GOAL OF THE EXERCISE: Using the records below, write out again exactly the lines that begin at the line containing "#65=EDGE_CURVE('E195',#56,#64,#62,.T.);" and end at the line containing "#85=EDGE_LOOP('',(#33,#42,#50,#58,#66,#74,#82,#84));", and no other lines.

[Data excerpts]

▼

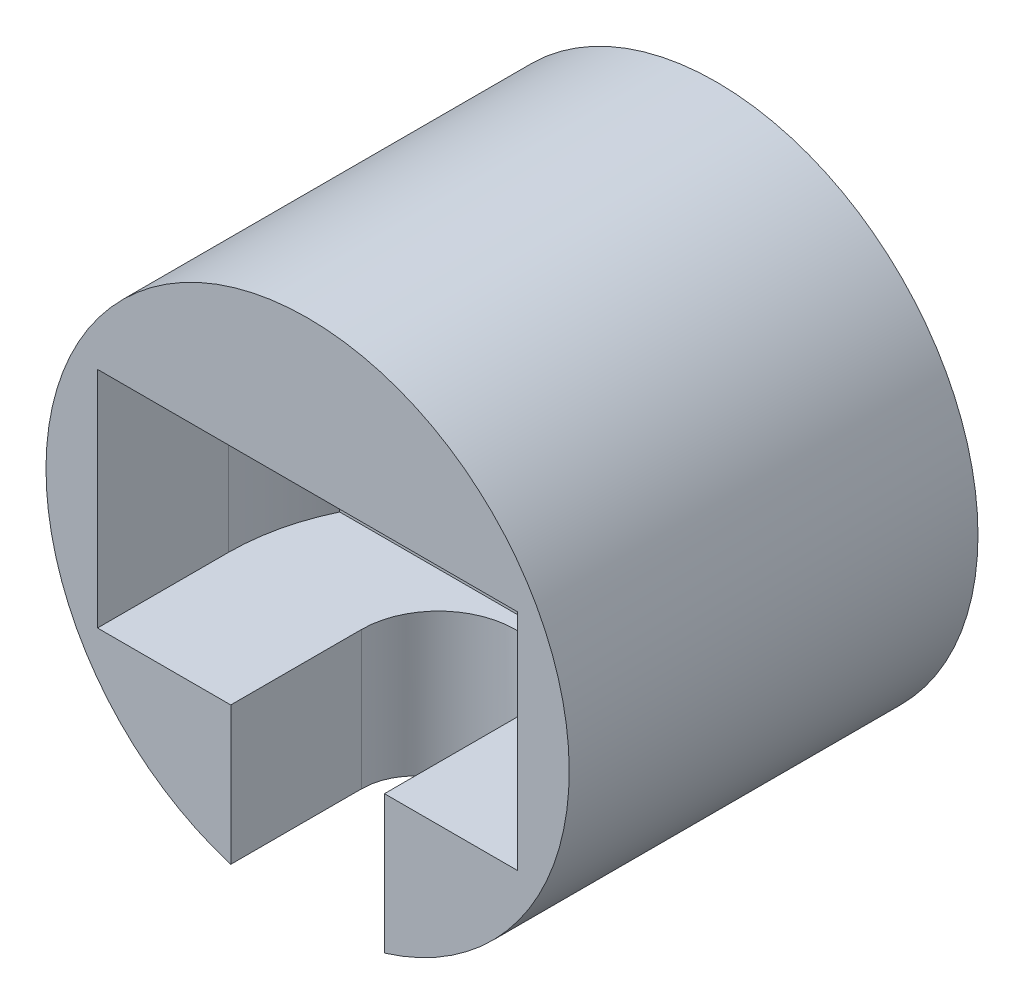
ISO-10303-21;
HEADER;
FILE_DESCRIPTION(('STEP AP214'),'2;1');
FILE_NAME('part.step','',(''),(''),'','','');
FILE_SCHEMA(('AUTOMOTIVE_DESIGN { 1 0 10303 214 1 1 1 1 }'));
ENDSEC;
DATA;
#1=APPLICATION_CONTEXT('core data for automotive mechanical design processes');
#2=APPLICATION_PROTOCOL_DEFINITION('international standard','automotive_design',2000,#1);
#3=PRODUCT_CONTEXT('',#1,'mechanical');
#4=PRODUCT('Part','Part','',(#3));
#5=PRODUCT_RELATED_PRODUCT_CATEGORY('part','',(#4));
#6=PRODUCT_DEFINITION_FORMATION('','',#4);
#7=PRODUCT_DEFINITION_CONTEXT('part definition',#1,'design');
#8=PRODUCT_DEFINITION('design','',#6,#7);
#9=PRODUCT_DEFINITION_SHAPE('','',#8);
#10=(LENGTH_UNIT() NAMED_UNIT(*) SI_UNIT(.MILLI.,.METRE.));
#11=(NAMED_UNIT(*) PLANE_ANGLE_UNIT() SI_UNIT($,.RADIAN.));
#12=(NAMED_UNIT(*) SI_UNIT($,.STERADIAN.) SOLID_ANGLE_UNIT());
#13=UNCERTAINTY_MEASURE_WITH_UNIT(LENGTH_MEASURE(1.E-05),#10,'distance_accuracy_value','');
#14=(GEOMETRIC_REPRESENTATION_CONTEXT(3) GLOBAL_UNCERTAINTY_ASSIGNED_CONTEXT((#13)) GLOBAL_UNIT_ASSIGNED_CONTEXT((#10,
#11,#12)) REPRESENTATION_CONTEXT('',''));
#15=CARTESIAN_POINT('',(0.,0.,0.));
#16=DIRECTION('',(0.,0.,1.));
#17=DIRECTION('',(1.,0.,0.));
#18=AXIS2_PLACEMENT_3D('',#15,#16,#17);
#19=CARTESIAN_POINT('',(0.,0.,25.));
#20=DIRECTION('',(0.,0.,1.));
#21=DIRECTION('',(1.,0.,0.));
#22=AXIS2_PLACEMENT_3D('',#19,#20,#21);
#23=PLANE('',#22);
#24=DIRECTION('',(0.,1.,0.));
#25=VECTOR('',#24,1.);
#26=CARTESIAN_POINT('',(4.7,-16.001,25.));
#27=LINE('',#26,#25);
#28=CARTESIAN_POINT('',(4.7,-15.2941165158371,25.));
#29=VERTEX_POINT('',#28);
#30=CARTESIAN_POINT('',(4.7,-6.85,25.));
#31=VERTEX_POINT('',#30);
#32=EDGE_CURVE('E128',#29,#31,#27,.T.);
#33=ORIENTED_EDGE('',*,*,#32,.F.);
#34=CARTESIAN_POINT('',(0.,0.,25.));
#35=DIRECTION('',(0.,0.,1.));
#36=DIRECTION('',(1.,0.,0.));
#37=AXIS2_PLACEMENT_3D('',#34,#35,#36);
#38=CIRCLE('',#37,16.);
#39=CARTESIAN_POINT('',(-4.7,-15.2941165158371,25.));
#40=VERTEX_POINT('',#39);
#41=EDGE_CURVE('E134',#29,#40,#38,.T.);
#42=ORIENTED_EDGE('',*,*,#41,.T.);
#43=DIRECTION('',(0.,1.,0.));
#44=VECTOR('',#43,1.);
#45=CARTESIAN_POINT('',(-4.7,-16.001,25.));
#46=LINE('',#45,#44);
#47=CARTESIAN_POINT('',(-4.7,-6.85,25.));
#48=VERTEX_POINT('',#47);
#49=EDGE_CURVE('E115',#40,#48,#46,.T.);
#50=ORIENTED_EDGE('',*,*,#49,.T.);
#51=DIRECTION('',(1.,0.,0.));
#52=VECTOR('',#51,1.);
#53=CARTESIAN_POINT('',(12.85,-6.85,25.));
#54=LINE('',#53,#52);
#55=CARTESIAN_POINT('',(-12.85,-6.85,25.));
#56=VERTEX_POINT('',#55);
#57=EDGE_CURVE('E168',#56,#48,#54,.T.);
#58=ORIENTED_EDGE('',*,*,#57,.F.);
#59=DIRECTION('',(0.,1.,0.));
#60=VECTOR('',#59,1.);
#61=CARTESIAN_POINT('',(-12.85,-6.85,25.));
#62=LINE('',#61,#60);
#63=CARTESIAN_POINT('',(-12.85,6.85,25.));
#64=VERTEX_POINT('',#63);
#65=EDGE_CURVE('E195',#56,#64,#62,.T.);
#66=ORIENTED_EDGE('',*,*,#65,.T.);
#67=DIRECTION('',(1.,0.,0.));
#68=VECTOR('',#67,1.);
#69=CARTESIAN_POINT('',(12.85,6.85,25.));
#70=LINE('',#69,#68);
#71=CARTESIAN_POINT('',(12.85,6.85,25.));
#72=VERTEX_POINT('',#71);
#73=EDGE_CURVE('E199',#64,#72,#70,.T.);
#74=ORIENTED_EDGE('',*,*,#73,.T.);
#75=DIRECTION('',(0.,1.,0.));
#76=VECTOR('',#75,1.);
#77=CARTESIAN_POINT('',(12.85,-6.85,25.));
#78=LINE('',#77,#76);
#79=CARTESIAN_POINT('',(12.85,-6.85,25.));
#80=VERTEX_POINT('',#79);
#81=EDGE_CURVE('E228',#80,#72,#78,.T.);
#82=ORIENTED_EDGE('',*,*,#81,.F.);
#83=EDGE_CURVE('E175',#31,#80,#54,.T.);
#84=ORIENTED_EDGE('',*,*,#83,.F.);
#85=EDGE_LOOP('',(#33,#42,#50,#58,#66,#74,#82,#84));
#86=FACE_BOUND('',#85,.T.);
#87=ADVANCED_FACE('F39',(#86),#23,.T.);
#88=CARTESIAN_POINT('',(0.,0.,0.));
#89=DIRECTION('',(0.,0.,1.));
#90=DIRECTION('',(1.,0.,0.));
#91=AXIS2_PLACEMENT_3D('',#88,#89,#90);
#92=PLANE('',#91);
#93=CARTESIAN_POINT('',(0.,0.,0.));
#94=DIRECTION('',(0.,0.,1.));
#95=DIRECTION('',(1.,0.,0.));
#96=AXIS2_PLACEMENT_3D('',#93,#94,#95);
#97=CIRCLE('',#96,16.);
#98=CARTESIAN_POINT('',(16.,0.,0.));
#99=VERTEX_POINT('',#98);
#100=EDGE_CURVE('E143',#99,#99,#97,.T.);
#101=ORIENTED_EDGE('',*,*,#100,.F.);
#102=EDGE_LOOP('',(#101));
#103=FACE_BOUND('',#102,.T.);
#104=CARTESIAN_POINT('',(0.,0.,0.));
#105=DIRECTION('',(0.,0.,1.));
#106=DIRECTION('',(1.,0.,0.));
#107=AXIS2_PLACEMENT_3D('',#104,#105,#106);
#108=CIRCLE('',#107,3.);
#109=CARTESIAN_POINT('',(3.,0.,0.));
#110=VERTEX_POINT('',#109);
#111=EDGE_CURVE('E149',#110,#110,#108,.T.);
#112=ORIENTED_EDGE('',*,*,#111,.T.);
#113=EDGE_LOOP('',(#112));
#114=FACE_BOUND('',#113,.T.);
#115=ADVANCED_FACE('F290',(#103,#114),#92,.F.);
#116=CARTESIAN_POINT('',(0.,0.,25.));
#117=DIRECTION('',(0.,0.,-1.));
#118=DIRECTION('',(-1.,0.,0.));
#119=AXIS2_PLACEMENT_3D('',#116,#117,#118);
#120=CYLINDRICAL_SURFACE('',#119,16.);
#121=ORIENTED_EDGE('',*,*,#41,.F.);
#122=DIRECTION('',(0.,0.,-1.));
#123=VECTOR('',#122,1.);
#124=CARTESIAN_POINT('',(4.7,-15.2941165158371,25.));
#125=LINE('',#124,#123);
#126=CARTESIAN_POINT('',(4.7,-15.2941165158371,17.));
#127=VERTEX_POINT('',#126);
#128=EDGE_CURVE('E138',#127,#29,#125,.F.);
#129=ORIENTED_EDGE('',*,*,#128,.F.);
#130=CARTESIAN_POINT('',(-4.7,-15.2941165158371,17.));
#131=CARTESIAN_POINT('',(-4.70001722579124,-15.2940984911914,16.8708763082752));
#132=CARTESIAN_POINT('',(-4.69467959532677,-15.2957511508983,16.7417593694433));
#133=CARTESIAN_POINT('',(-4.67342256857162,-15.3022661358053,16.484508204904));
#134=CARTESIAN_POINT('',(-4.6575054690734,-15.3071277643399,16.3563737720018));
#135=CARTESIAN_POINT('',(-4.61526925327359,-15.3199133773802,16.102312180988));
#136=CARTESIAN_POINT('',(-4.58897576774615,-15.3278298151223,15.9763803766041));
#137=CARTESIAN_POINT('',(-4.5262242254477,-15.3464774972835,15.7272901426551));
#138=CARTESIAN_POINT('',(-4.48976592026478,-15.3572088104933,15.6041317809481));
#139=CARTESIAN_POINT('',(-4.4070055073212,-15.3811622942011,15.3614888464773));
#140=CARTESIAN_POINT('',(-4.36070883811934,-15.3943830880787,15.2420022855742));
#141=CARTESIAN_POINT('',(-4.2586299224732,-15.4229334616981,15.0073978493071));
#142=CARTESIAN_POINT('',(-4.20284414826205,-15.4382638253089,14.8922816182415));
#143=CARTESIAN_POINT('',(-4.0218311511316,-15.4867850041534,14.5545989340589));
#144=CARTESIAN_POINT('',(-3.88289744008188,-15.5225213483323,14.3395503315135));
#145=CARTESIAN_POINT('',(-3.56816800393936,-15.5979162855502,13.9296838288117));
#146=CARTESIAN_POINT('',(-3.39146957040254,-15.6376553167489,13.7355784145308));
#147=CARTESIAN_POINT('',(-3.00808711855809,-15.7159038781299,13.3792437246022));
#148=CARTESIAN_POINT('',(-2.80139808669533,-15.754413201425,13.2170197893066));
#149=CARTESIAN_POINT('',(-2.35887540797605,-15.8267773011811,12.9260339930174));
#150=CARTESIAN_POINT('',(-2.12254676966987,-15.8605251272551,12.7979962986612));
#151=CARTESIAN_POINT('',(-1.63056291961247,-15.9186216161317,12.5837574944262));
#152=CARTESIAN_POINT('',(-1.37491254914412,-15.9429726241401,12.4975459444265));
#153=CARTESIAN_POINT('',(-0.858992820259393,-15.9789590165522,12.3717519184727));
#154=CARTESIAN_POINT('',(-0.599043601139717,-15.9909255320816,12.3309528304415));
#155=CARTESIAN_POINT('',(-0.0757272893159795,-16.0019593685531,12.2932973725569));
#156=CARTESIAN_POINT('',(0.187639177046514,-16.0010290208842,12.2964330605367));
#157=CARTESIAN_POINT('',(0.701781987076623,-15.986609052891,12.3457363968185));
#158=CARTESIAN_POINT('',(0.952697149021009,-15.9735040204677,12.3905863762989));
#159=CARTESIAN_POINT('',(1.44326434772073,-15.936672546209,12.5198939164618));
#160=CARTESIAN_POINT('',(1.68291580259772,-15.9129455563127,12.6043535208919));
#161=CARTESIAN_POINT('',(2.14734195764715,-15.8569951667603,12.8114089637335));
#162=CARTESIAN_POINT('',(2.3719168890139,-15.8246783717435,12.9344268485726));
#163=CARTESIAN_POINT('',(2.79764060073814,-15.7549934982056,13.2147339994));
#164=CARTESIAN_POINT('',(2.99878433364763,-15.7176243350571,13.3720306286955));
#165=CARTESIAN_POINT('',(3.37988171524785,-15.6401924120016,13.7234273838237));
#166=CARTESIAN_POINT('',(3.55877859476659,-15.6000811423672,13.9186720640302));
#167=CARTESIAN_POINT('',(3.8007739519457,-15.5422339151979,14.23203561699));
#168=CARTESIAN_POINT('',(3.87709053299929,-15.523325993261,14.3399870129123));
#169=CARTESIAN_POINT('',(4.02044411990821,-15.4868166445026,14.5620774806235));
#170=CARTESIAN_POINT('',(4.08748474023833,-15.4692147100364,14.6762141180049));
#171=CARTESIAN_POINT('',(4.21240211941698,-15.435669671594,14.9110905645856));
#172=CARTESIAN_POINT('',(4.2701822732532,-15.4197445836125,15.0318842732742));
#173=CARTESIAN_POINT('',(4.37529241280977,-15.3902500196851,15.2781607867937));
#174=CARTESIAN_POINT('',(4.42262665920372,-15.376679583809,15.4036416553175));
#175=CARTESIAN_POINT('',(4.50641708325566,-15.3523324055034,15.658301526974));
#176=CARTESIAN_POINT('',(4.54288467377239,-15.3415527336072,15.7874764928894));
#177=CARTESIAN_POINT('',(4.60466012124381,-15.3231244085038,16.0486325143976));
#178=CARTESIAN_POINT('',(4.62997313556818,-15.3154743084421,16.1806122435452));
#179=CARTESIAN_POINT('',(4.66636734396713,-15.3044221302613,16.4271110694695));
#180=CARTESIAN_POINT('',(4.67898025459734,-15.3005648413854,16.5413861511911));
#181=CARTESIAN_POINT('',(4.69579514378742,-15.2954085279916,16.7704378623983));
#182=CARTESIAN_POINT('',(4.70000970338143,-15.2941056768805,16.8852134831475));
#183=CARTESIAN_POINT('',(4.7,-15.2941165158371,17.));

▲

REPLY:
#65=EDGE_CURVE('E195',#56,#64,#62,.T.);
#66=ORIENTED_EDGE('',*,*,#65,.T.);
#67=DIRECTION('',(1.,0.,0.));
#68=VECTOR('',#67,1.);
#69=CARTESIAN_POINT('',(12.85,6.85,25.));
#70=LINE('',#69,#68);
#71=CARTESIAN_POINT('',(12.85,6.85,25.));
#72=VERTEX_POINT('',#71);
#73=EDGE_CURVE('E199',#64,#72,#70,.T.);
#74=ORIENTED_EDGE('',*,*,#73,.T.);
#75=DIRECTION('',(0.,1.,0.));
#76=VECTOR('',#75,1.);
#77=CARTESIAN_POINT('',(12.85,-6.85,25.));
#78=LINE('',#77,#76);
#79=CARTESIAN_POINT('',(12.85,-6.85,25.));
#80=VERTEX_POINT('',#79);
#81=EDGE_CURVE('E228',#80,#72,#78,.T.);
#82=ORIENTED_EDGE('',*,*,#81,.F.);
#83=EDGE_CURVE('E175',#31,#80,#54,.T.);
#84=ORIENTED_EDGE('',*,*,#83,.F.);
#85=EDGE_LOOP('',(#33,#42,#50,#58,#66,#74,#82,#84));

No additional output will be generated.